*Required action*
Determine how many lines in the records hold "fullD", then give that number by itself.

[Records excerpted from a collection]
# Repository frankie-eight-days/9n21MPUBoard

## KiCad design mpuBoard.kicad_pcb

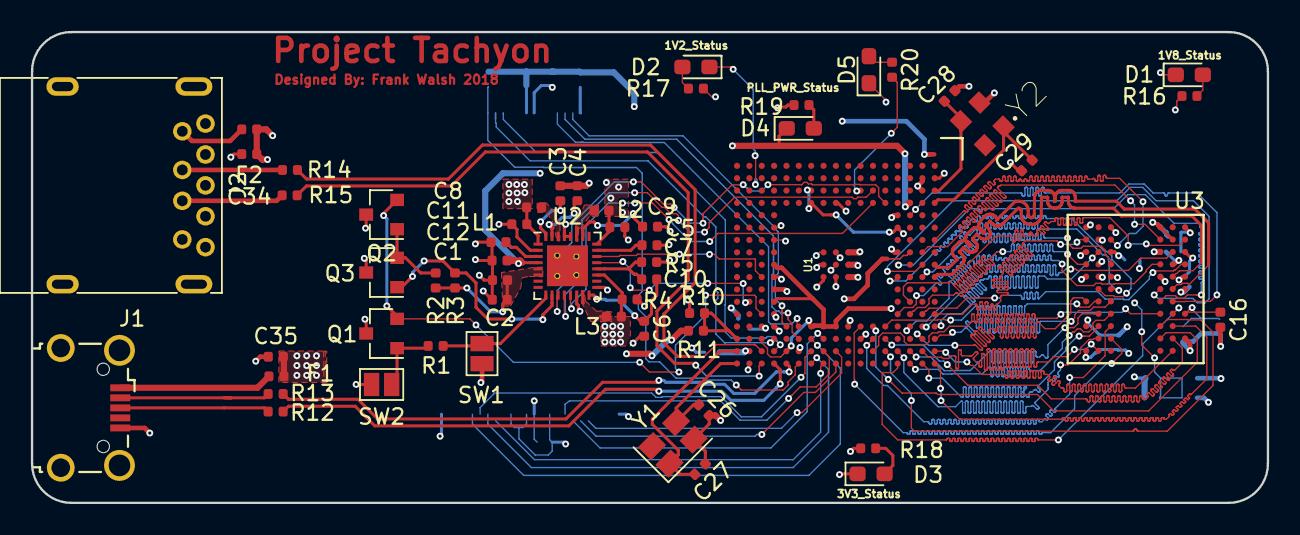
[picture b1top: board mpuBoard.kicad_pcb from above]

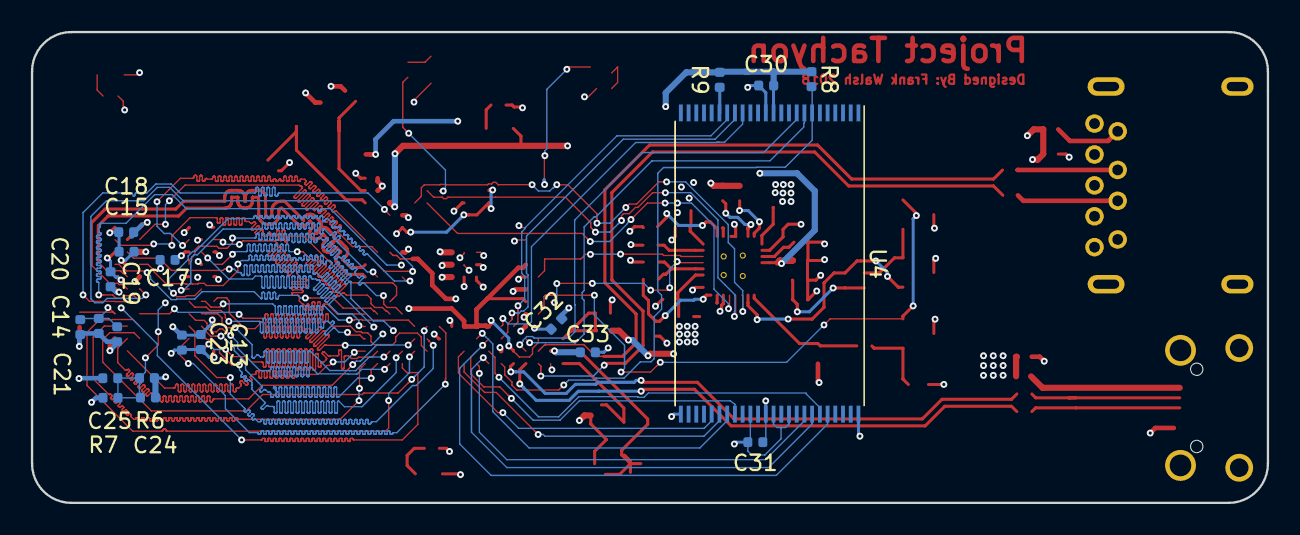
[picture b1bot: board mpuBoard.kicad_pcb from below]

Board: 4 copper layers, 80.0 x 30.5 mm, 77 parts (20 on the bottom side), 94 nets.

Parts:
C1, C2, C4, C5, C6, C11, C12, C34: 4.7u; C_0402_1005Metric
C3, C13, C14, C15, C16, C17, C18, C19, C20, C21, C23, C24, C25, C32, C33: 100n; C_0402_1005Metric
C7, C35: C_Small; C_0402_1005Metric
C8, C9, C10: 20u; C_0402_1005Metric
C26, C27: 9p; C_0402_1005Metric
C28, C29: 18p; C_0402_1005Metric
C30, C31: 1u; C_0402_1005Metric
D1, D2, D3, D4, D5: LED; LED_0603_1608Metric_Pad1.05x0.95mm_HandSolder
F1, F2: 500mA, 5V; Fuse_0402_1005Metric
J1: USB_B_Micro; USB_Micro-B_Wuerth_629105150521_CircularHoles
J2: USB_A; USB3_A_Molex_48393-001
L1, L2, L3: 2.2u; L_0402_1005Metric
Q1, Q2, Q3: bss138; SOT-23
R1, R4, R5, R8, R9: 4.7k; R_0402_1005Metric
R2: 47k; R_0402_1005Metric
R3: 100k; R_0402_1005Metric
R6, R7, R16, R17, R18, R19: R; R_0402_1005Metric
R10, R11: 4.7K; R_0402_1005Metric
R12, R13, R14, R15: 22; R_0402_1005Metric
R20: 10k; R_0402_1005Metric
SW1, SW2: SW_Push; SolderJumper-2_P1.3mm_Open_Pad1.0x1.5mm
U1: AT91SAM9N12; BGA217
U2: ACT8865; QFN-32-1EP_4x4mm_P0.4mm_EP2.65x2.65mm
U3: as4c128m8d2-25bin
U4: S34ML08G201TFI; TSOP-I-48_18.4x12mm_P0.5mm
Y1: 16MHz; Crystal_SMD_SeikoEpson_FA238-4Pin_3.2x2.5mm
Y2: 32.768kHz; OSCSC320X250X100N

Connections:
+1V2: C9.1, D2.1, L2.2, U1.C8, U1.G15, U1.J4, U1.P10, U2.24
+1V8: C8.1, C13.1, C14.1, C15.1, C16.1, C17.1, C18.1, C19.1, C20.1, C21.1, C23.1, C24.1, D1.1, L1.2, R6.1, U1.H8, U1.H9, U1.H10, U2.1, U3.A1, U3.A9, U3.C1, U3.C3, U3.C7, U3.C9, U3.E1, U3.E9, U3.H9, U3.L1
+3V3: C10.1, C30.1, C31.1, D3.1, L3.2, R8.1, R9.1, R10.1, U1.A2, U1.D6, U1.J14, U1.K14, U1.L3, U1.L4, U1.L14, U1.N16, U1.P9, U1.P12, U1.R15, U2.19, U4.12, U4.34, U4.37, U4.39
+5V: C1.1, C2.1, C4.2, C5.2, C6.1, C34.1, C35.1, F1.1, F2.1, R2.1, R3.1, R4.1, U2.5, U2.6, U2.16, U2.26, U2.31
/memory/a0: U1.D17, U3.H8
/memory/a1: U1.C17, U3.H3
/memory/a2: U1.F16, U3.H7
/memory/a3: U1.B17, U3.J2
/memory/a4: U1.A17, U3.J8
/memory/a5: U1.F15, U3.J3
/memory/a6: U1.E16, U3.J7
/memory/a7: U1.D16, U3.K2
/memory/a8: U1.E15, U3.K8
/memory/a9: U1.G14, U3.K3
/memory/a10: U1.C16, U3.H2
/memory/a11: U1.F14, U3.K7
/memory/a12: U1.B16, U3.L2
/memory/a13: U1.A16, U3.L8
/memory/d0: U1.B14, U3.C8
/memory/d1: U1.A14, U3.C2
/memory/d2: U1.C14, U3.D7
/memory/d3: U1.D13, U3.D3
/memory/d4: U1.C13, U3.D1
/memory/d5: U1.B13, U3.D9
/memory/d6: U1.A13, U3.B1
/memory/d7: U1.C12, U3.B9
/memory/ramclk_N: U1.A9, U3.F8
/memory/ramclk_P: U1.A10, U3.E8
/memory/ramsel0: U1.C5, U3.G8
/memory/ramsel1: U1.B9, U3.F7
/memory/ramsel2: U1.D9, U3.G7
/memory/ramsel3: U1.B10, U3.F3
/memory/ramsel4: U1.D10, U3.F2
/memory/ramsel5: U1.B15, U3.G1
/memory/ramsel6: U1.E14, U3.G2
/memory/ramsel7: U1.A15, U3.G3
/memory/ramsel8: U1.B8, U3.B7
/memory/ramsel9: U1.A7, U3.B3
/mpu/D+: J1.3, R12.1
/mpu/D-: J1.2, R13.1
/mpu/actGPIO0: U1.E4, U2.11
/mpu/actGPIO1: U1.F3, U2.12
/mpu/actGPIO2: U1.F4, U2.13
/mpu/actSPI0: U1.R10, U2.22
/mpu/actSPI1: U1.T12, U2.21
/mpu/flashCTL0: U1.M14, U4.16
/mpu/flashCTL1: U1.M15, U4.17
/mpu/flashCTL2: U1.N14, U4.18
/mpu/flashCTL4: R8.2, U1.M17, U4.7
/mpu/flashCTL5: U1.P15, U4.8
/mpu/flashCTL6: U1.P16, U4.9
/mpu/flashData0: U1.L15, U4.44
/mpu/flashData1: U1.L16, U4.43
/mpu/flashData2: U1.L17, U4.42
/mpu/flashData3: U1.K17, U4.41
/mpu/flashData4: U1.K16, U4.32
/mpu/flashData5: U1.K15, U4.31
/mpu/flashData6: U1.J17, U4.30
/mpu/flashData7: U1.J16, U4.29
/mpu/fullD+: R15.1, U1.R17
/mpu/fullD-: R14.1, U1.R16
/mpu/microD+: R12.2, U1.P17
/mpu/microD-: R13.2, U1.N17
/mpu/mpu_shutdown: Q1.2, Q2.2, U1.R13
/nandFlash/flashCTL3: R9.2, U4.19
/power/PWRHLD: Q3.1, R3.2, U2.10
/power/sw1: L1.1, U2.30
/power/sw2: L2.1, U2.27
/power/sw3: L3.1, U2.15
/power/vddref: C7.1, U2.23
/power/vsel: R4.2, R5.1, U2.20
GND: C1.2, C2.2, C3.1, C4.1, C5.1, C6.2, C7.2, C8.2, C9.2, C10.2, C11.2, C12.2, C13.2, C14.2, C15.2, C16.2, C17.2, C18.2, C19.2, C20.2, C21.2, C23.2, C25.2, C26.1, C27.1, C28.1, C29.1, C30.2, C31.2, C32.2, C33.2, C34.2, C35.2, D5.1, J1.5, J1.6, J2.4, J2.5, Q1.3, Q2.3, Q3.3, R5.2, R7.2, R11.2, R16.2, R17.2, R18.2, R19.2, SW1.1, SW2.1, U1.B2, U1.B3, U1.D5, U1.D8, U1.H14, U1.J8, U1.J9, U1.J10, U1.K8, U1.K9, U1.K10, U1.M16, U1.P6, U1.P7, U1.P11, U1.P13, U1.P14, U1.T17, U2.2, U2.14, U2.17, U2.28, U2.29, U2.33, U3.A3, U3.A7, U3.B2, U3.B8, U3.D2, U3.D8, U3.E3, U3.E7, U3.F9, U3.J1, U3.K9, U4.13, U4.25, U4.36, U4.48, Y1.2, Y2.2
unnamed: C3.2, U2.32
unnamed: C24.2, C25.1, R6.2, R7.1, U3.E2
unnamed: C26.2, U1.U17, Y1.3
unnamed: C27.2, U1.U16, Y1.1
unnamed: C28.2, U1.A3, Y2.3
unnamed: C29.2, U1.A4, Y2.1
unnamed: D1.2, R16.1
unnamed: D2.2, R17.1
unnamed: D3.2, R18.1
unnamed: D4.2, R19.1
unnamed: D5.2, R20.1
unnamed: F1.2, J1.1
unnamed: F2.2, J2.1
unnamed: J2.2, R14.2
unnamed: J2.3, R15.2
unnamed: Q1.1, R1.2, SW2.2
unnamed: Q2.1, Q3.2, R2.2
unnamed: R1.1, SW1.2, U2.9
unnamed: R10.2, R11.1, U1.U15
unnamed: R20.2, U1.G3
out4: C11.1, U2.3
out5: C12.1, C32.1, C33.1, D4.1, U1.C4, U1.R14, U1.T16, U2.4

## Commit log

2018-10-14 schematic done. layout next
2018-10-24 Ordered boards

*Solved exercise*
2